The other option is to fork the spec, version it, and try to get platforms to adopt the fork. This has precedent, and recent precedent at that.

In 2024, Redis switched to a proprietary license. Within weeks, the Linux Foundation announced Valkey, backed by AWS, Google, Oracle, and Snap. Within six months, Valkey shipped version 8.0 with features Redis didn't have, Fedora dropped Redis entirely, and Redis saw a 20% decline in new contributions. By May 2025, Redis's CEO publicly admitted the license change was a mistake. The same year, OpenTofu forked Terraform after HashiCorp adopted the Business Source License. OpenTofu crossed 10 million downloads and started shipping features Terraform didn't have, like state encryption.

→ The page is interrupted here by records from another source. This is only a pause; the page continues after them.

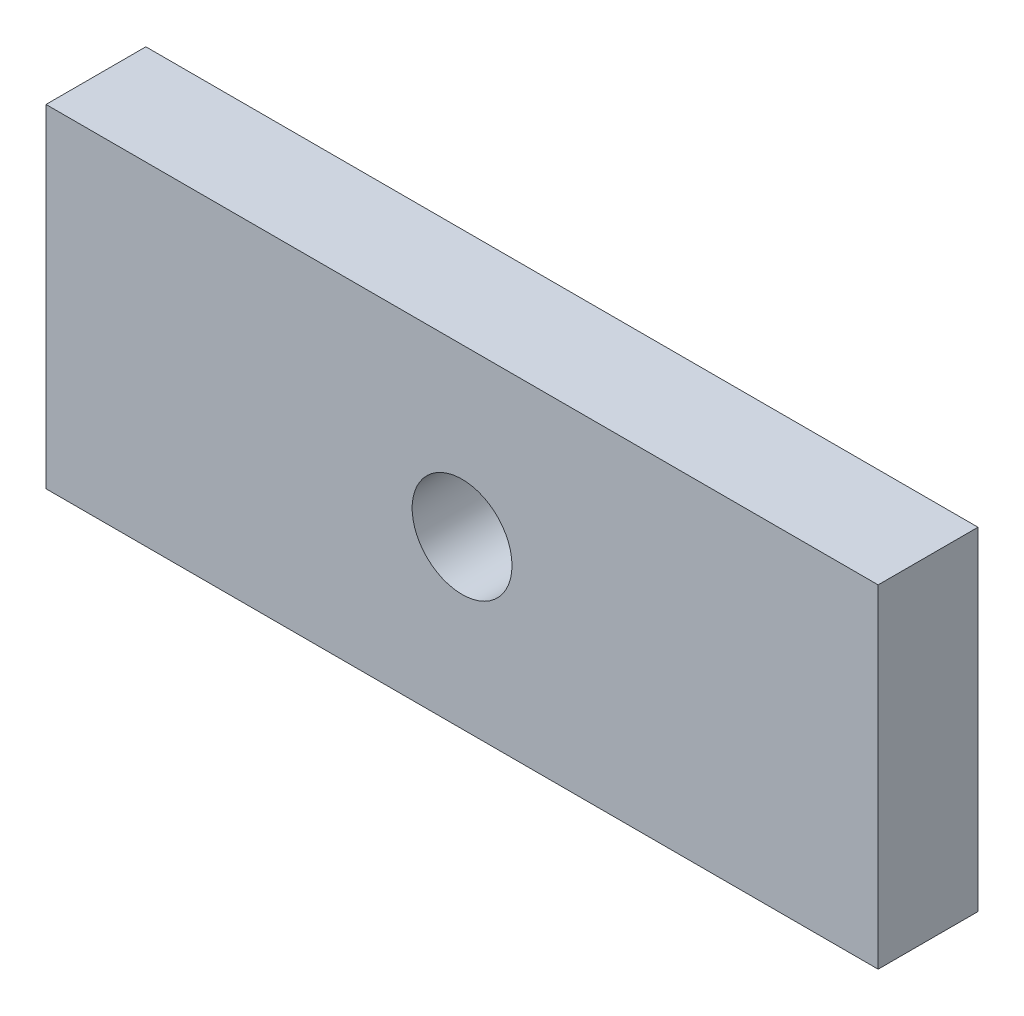
SolidWorks part; units mm, degrees
ref_plane "前视基准面" through (0, 0, 0) normal (0, 0, 1) x (1, 0, 0)
ref_plane "上视基准面" through (0, 0, 0) normal (0, 1, 0) x (1, 0, 0)
ref_plane "右视基准面" through (0, 0, 0) normal (1, 0, 0) x (0, 0, -1)
sketch "edrawing1" plane through (0, 0, 0) normal (0, 0, 1) x (1, 0, 0)
  line L1 (0, 0) -> (25, 0)
  line L2 (0, 0) -> (0, 10)
  line L3 (0, 10) -> (25, 10)
  line L4 (25, 0) -> (25, 10)
  circle A0 centre (12.5, 5) radius 1.5
  point P7 (12.0864, 4.9773)
  dimension "DS_D3" = 3
  dimension "DS_D1" = 25
  dimension "DS_D2" = 10
  dimension "DS_D4" = 5
  dimension "DS_D5" = 12.5
extrude "extrude" add sketch "edrawing1" along normal blind 3

These forks succeeded because the companies with the largest deployments and the deepest engineering benches aligned on the same fork simultaneously. Cloud providers and ecosystem tooling vendors drove both efforts, not individual contributors.

The Agent Skills situation is different in a critical way. Valkey and OpenTofu forked because of license changes that threatened existing business models. Agent Skills hasn't done that. The spec is Apache 2.0, and the governance problem is subtle: it's about who controls the direction, not about access to the code. That makes it harder to rally fork energy, because nobody's business is under immediate threat. The pain is diffuse. It shows up as "my skill works on Claude Code but not Cursor" rather than "I can no longer legally distribute this software."

A fork could still work, but it would need a neutral home (Linux Foundation, OpenJS Foundation) and buy-in from at least two or three of the platforms that aren't Anthropic. Concretely, that means platform engineers who maintain skill-loading code agreeing to validate against the forked spec, and their organizations committing reviewer time to a governance process. Without that, a fork is just one more repo. This path requires the same institutional weight as the partner pressure path; it's just routed through a different channel.

What's realistic

Realistically, the most likely near-term outcome is that nothing changes. Anthropic will keep evolving the spec to match Claude Code. Other platforms will keep drifting. Skills will keep breaking in subtle ways that authors don't notice and users can't diagnose.

The most likely path to change is not community pressure but commercial pressure. When enough enterprise partners tell Anthropic that the governance gap is creating real support costs and customer confusion, the math shifts. Until then, if you're publishing skills and you care about portability, you need to test on multiple platforms yourself, because the spec won't protect you.